- [Your assignment] Your task is to return the line containing "-0.93584), (6.17442, -0.9304)])" and each line after it through the end of the entries, exactly, with no other lines.

** Data to examine follows **

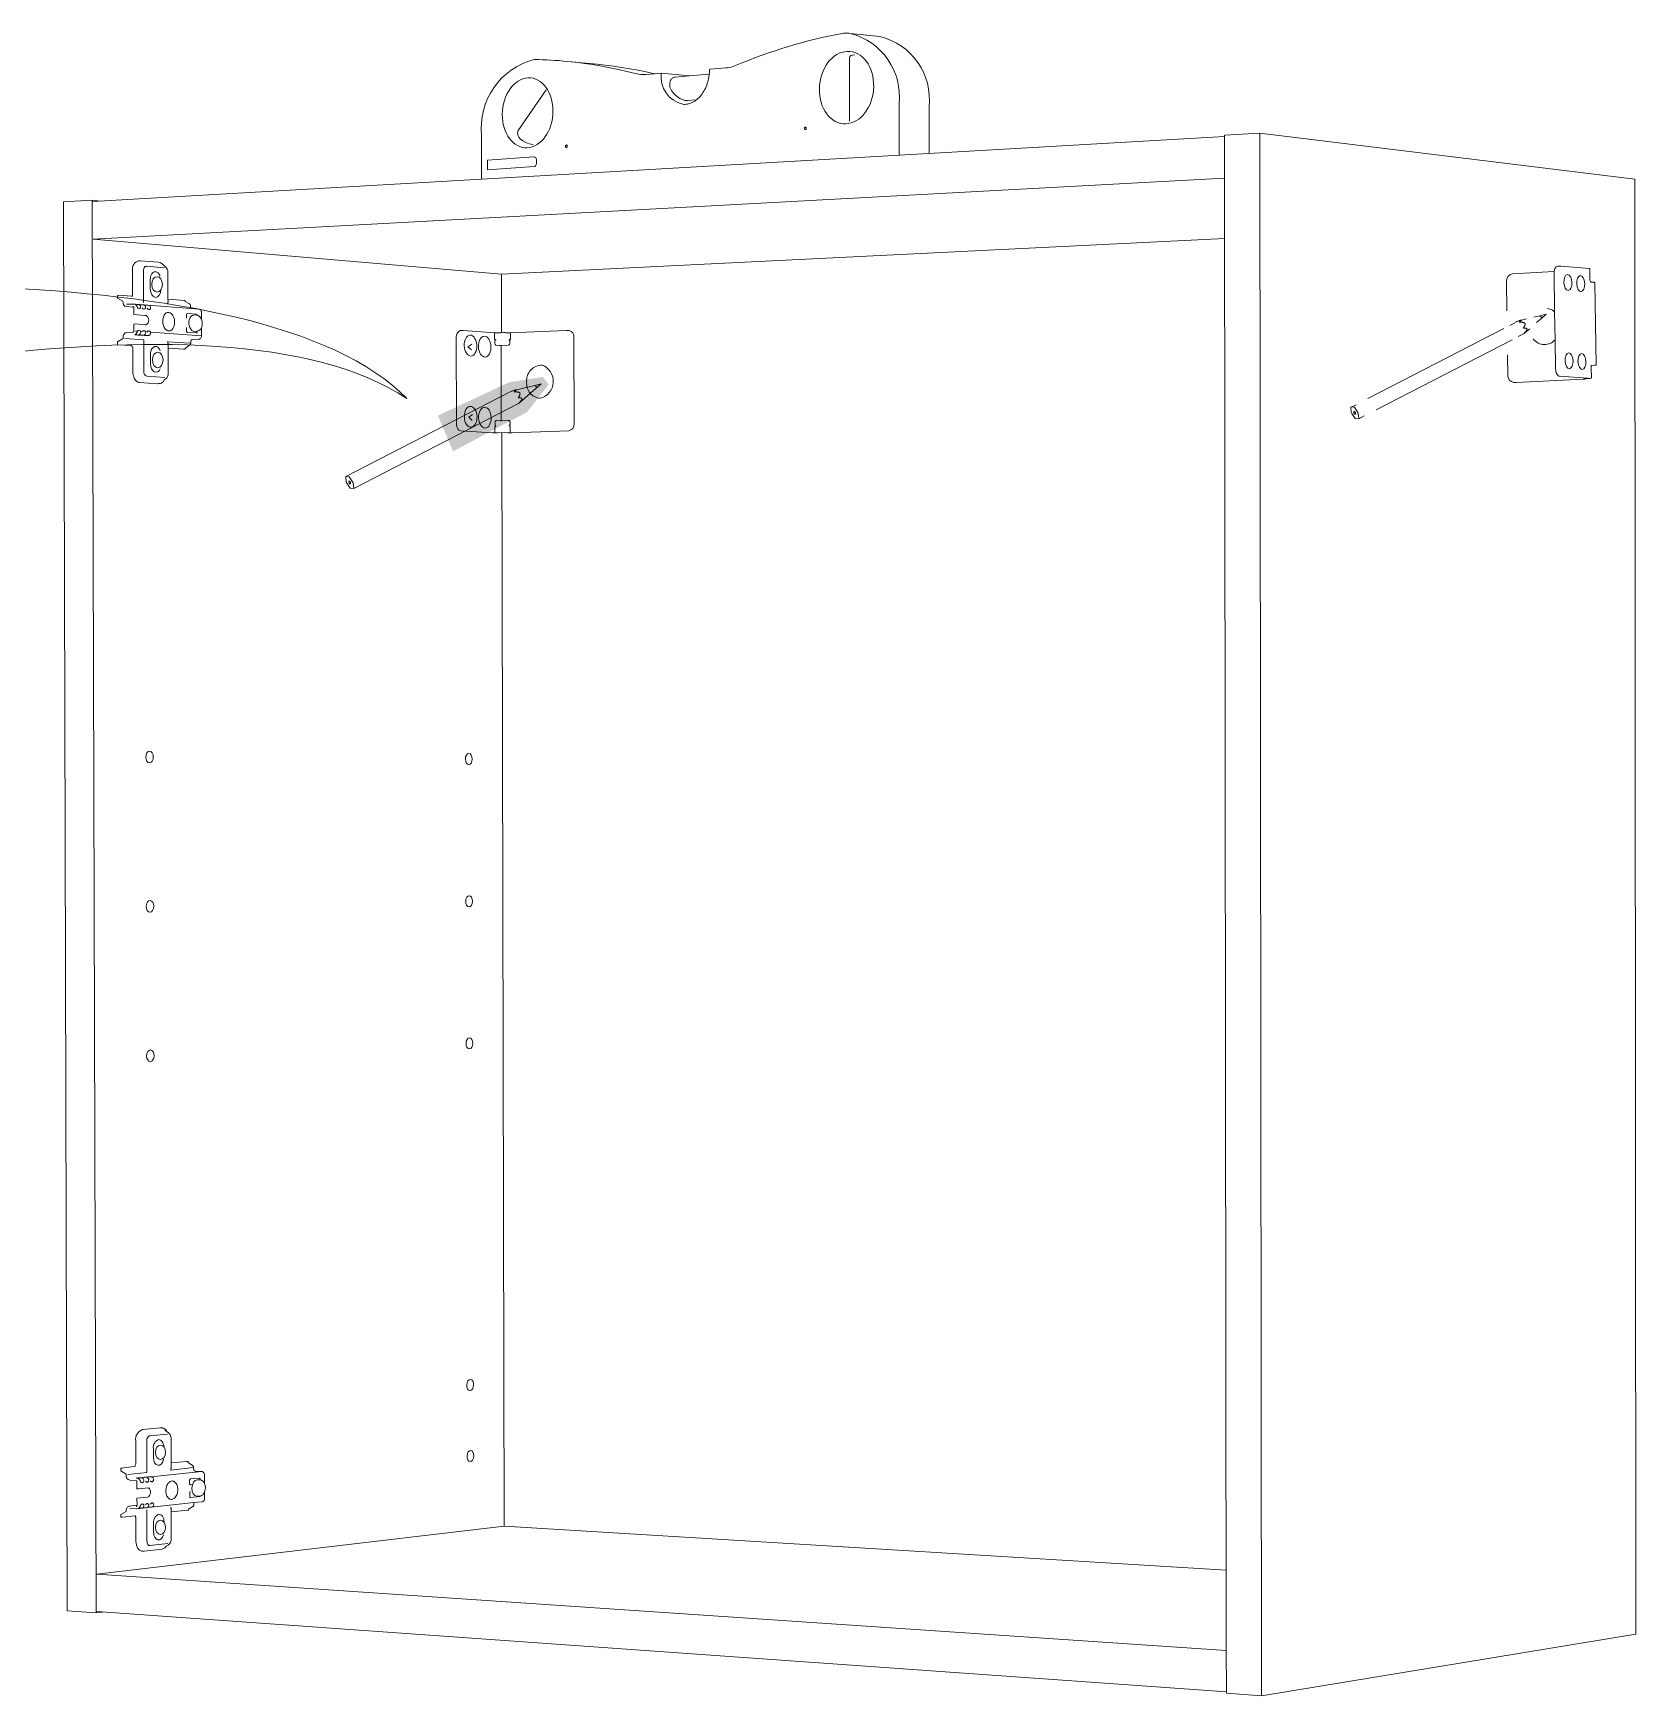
# Model space of a CAD drawing. Header units: metres. Extents: x -11.5 to 7.4, y -3.8 to 5.9.
# Drawn here: x 6.0726 to 6.3891, y -1.1893 to -0.861 of the extents above; entities that cross this region are included whole.
import ezdxf

# ---------------------------------------------------------------- set-up
doc = ezdxf.new("R2010")
doc.units = ezdxf.units.M
doc.header["$MEASUREMENT"] = 0
doc.layers.add('PDF18_Geometry_Num_Penna__1_Num_Penna__255', color=255, linetype='Continuous', lineweight=18)
doc.layers.add('PDF18_Geometry_Num_Penna__7_Num_Penna__7', color=7, linetype='Continuous', lineweight=18)

msp = doc.modelspace()

# ---------------------------------------------------------------- hatches: boundary and pattern name
at = {"layer": 'PDF18_Geometry_Num_Penna__1_Num_Penna__255', "linetype": 'Continuous', "lineweight": 18}
msp.add_hatch(color=255, dxfattribs=at).paths.add_polyline_path([(6.17327, -0.9289), (6.16667, -0.92994), (6.15254, -0.93654), (6.15555, -0.9436), (6.17014, -0.93584), (6.17442, -0.9304)])

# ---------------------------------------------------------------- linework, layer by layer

** End of Data to examine **

- [Problem solution]
msp.add_hatch(color=255, dxfattribs=at).paths.add_polyline_path([(6.17327, -0.9289), (6.16667, -0.92994), (6.15254, -0.93654), (6.15555, -0.9436), (6.17014, -0.93584), (6.17442, -0.9304)])

# ---------------------------------------------------------------- linework, layer by layer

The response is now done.